* [REQUIREMENT] Answer with a single number stating how many lines of the entries below include the string "boolean".

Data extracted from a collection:
········

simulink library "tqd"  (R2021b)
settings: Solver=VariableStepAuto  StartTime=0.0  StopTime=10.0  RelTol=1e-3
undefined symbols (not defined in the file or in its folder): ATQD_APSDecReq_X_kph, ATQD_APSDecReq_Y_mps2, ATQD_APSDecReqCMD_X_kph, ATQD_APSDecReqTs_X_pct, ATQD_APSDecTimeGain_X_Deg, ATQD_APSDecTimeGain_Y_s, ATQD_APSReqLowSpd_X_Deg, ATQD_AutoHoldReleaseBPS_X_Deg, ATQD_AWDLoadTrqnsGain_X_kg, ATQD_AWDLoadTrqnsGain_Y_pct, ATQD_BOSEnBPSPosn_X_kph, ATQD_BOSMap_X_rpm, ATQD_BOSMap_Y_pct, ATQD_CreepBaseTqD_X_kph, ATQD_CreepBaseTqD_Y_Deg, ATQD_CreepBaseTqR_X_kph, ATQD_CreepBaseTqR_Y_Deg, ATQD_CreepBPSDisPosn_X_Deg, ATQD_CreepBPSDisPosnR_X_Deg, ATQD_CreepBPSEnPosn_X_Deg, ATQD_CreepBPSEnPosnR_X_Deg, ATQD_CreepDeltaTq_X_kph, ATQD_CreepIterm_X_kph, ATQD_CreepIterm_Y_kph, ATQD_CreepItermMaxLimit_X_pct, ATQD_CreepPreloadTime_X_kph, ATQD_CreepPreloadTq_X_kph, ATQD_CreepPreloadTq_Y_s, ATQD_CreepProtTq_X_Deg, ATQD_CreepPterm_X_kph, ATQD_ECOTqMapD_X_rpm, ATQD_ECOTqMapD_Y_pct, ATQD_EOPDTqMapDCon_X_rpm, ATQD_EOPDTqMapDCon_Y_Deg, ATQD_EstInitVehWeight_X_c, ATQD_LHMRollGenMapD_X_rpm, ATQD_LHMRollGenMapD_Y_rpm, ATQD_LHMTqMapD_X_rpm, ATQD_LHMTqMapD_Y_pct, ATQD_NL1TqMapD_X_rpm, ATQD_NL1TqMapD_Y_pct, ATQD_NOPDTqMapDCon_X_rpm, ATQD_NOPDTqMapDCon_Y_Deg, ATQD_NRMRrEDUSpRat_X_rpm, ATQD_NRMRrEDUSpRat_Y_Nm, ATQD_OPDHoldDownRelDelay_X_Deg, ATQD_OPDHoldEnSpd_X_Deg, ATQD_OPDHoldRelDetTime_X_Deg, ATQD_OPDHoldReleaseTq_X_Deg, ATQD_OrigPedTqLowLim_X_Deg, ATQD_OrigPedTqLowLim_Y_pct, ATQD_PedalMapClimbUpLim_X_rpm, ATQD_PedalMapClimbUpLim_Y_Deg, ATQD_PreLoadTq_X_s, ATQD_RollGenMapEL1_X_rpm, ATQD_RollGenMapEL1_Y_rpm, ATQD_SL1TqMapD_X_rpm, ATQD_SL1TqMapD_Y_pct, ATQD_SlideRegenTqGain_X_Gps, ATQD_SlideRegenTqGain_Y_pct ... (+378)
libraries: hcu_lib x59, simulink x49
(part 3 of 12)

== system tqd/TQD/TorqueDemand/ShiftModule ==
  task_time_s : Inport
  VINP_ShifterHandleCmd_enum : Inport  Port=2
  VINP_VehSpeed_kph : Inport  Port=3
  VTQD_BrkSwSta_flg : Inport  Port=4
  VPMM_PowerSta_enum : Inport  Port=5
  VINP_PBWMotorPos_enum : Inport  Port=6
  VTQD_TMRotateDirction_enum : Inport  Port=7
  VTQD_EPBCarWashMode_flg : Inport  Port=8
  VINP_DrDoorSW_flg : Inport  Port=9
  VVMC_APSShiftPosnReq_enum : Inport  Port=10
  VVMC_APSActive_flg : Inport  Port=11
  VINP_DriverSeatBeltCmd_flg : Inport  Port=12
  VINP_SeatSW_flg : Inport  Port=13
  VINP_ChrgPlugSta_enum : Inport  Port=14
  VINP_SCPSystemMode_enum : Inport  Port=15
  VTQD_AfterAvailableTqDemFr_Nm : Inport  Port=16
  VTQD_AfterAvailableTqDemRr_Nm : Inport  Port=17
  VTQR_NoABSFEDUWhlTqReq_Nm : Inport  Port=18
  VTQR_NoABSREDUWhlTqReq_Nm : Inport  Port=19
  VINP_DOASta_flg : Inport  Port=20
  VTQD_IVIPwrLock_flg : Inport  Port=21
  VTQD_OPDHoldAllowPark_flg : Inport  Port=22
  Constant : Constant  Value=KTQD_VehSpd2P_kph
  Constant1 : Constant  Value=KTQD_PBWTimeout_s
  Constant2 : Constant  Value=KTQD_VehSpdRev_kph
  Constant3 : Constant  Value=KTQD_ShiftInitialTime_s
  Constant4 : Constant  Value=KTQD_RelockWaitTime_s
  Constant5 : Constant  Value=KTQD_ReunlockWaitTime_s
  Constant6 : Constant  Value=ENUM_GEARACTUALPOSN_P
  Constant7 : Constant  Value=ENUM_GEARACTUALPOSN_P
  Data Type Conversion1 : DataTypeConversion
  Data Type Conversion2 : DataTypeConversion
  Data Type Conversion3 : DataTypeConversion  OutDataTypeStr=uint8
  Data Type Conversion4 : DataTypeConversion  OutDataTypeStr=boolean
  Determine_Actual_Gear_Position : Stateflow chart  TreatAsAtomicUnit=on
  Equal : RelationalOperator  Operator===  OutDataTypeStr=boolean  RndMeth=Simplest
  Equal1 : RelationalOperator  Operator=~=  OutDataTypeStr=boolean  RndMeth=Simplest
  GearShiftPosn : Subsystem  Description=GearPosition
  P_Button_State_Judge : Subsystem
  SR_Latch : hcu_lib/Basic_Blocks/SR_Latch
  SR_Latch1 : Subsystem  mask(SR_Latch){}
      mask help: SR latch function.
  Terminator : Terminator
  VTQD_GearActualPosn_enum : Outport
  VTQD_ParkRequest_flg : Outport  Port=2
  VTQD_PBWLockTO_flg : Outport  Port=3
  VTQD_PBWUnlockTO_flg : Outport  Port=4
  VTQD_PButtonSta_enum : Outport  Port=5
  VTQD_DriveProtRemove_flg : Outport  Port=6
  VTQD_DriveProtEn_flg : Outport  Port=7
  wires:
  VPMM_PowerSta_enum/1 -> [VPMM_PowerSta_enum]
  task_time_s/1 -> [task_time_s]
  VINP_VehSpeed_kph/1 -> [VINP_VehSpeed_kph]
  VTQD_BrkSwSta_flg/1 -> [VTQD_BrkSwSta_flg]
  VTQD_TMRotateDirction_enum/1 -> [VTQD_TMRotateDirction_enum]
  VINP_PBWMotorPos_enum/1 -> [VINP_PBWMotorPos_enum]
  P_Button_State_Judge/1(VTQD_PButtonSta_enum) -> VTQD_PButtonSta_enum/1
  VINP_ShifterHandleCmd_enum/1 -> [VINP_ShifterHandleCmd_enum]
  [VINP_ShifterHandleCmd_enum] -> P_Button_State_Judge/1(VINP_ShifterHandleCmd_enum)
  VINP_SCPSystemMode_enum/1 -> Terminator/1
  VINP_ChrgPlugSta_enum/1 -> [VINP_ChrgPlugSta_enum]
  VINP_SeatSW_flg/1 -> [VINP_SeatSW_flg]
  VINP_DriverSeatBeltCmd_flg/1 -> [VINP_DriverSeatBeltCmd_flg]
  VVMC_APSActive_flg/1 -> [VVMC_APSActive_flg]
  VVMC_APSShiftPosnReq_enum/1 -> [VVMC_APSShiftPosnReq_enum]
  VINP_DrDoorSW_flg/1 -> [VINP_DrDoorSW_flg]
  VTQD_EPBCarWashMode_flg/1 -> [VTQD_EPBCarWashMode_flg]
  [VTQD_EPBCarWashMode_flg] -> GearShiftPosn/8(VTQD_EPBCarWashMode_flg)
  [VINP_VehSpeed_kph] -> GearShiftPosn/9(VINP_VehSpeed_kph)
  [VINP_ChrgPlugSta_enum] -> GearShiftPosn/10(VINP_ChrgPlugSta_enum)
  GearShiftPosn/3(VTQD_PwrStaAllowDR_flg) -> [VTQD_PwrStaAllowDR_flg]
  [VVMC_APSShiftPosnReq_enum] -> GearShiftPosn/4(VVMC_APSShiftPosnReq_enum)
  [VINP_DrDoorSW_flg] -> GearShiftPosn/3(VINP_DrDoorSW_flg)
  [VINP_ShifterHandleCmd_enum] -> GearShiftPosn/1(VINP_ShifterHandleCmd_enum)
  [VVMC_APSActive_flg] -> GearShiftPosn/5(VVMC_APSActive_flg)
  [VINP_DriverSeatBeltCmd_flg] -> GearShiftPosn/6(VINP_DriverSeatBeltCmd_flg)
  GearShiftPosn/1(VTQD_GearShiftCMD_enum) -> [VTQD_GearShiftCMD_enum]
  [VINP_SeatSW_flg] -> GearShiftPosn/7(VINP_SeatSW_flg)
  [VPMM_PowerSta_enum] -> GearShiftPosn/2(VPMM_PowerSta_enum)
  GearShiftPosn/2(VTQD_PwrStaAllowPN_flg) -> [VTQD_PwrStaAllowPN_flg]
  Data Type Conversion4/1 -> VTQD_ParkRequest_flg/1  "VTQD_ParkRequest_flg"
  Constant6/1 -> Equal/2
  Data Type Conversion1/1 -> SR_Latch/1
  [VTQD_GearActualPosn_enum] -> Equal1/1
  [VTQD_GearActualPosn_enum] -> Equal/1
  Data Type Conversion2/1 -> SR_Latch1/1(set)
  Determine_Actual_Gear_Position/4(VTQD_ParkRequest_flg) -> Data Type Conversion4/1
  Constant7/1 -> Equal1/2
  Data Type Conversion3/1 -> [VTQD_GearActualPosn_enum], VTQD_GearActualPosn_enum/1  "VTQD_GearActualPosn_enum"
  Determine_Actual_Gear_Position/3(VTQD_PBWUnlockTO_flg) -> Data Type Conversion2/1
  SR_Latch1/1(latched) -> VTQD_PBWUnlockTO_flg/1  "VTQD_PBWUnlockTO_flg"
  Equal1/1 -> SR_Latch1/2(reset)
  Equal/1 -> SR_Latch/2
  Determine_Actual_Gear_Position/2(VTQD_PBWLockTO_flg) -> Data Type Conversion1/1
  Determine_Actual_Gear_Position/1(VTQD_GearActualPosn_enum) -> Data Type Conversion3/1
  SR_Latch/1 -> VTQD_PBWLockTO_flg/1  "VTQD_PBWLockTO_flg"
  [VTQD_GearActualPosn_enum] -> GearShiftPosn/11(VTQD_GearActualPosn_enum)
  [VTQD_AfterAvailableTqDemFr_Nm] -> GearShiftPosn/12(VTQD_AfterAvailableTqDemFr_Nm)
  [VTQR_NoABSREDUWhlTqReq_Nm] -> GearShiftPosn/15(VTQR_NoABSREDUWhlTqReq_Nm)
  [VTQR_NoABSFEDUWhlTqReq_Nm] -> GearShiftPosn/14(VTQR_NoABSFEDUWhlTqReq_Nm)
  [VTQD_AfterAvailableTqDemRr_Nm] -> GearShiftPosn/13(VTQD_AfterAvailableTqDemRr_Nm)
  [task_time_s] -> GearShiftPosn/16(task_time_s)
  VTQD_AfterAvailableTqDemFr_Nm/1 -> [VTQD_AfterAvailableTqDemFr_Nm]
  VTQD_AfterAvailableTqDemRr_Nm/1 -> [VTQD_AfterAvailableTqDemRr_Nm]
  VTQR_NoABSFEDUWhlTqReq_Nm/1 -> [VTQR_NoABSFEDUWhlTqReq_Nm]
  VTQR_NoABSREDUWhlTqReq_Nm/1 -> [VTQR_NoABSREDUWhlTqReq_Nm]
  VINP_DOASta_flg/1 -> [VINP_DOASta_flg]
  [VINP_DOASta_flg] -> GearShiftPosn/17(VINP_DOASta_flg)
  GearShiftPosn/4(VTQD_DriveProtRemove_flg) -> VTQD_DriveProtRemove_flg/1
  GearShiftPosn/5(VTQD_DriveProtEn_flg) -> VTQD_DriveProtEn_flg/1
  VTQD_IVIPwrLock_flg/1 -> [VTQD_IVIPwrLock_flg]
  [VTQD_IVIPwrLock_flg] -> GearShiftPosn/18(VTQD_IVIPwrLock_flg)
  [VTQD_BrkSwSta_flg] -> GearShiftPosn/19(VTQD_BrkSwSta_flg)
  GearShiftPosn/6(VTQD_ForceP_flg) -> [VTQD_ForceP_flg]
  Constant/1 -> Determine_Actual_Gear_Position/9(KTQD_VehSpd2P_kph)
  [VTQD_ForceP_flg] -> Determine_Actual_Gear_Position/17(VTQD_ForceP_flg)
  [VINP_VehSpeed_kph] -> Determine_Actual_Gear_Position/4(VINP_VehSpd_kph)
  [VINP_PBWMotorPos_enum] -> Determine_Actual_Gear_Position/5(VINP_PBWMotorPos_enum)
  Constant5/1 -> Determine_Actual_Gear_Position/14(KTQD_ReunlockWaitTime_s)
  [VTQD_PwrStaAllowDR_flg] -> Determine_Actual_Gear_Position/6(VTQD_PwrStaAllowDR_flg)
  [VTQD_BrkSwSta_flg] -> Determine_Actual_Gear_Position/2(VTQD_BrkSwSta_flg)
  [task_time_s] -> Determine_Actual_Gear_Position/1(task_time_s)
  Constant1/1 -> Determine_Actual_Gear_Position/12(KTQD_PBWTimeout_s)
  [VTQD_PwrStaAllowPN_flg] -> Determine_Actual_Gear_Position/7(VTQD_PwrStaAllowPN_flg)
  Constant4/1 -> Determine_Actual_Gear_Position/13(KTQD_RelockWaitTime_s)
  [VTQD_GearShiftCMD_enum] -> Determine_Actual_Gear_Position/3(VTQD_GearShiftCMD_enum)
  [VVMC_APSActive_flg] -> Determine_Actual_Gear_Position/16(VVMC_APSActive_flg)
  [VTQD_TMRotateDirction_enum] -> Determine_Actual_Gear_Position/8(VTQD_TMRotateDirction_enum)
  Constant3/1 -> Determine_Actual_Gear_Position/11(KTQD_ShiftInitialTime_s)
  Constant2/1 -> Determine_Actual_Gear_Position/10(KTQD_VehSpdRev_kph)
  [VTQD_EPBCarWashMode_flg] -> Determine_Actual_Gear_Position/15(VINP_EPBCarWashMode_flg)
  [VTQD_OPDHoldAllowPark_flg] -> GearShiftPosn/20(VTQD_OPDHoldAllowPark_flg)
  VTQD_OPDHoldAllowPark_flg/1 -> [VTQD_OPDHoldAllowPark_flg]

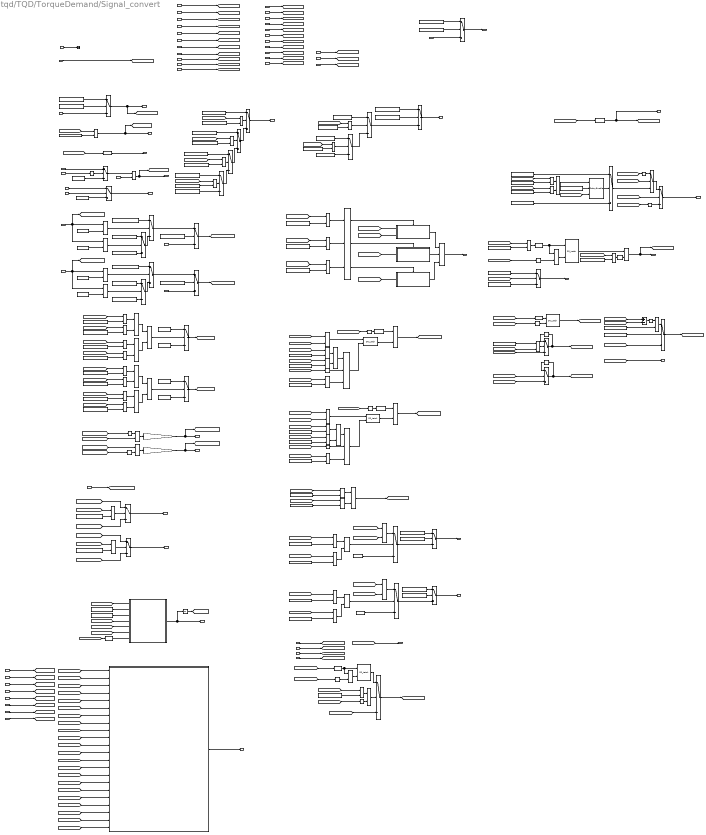
== system tqd/TQD/TorqueDemand/Signal_convert ==
  note: LowIdle Acc Pedal
  note: Equivalent Acceleration Pedal Switch signal
  note: Creep function switch2
  note: %VINP_IVIPWModeReq_enum
      | ENUM_IVIPWMODEREQ_NRM = uint8( 0 );
      | ENUM_IVIPWMODEREQ_SPORT = uint8( 1 );
      | ENUM_IVIPWMODEREQ_ECO = uint8( 2 ); ENUM_IVIPWMODEREQ_NOREQUEST = uint8( 3 );
  note: % VTQD_EVDriveMode_enum
      | ENUM_DRIVEMODE_NRM = uint8( 0 );
      | ENUM_DRIVEMODE_ECO = uint8( 1 );
      | ENUM_DRIVEMODE_SPORT = uint8( 2 );
      | ENUM_DRIVEMODE_LAUNCH = uint8( 3 );
  note: Driving mode determination
  note: MCU Damping Disable Judgement
  note: Actual gear position signal defination converter for CAN bus
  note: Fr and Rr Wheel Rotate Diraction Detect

········

* [PROBLEM SOLUTION] 3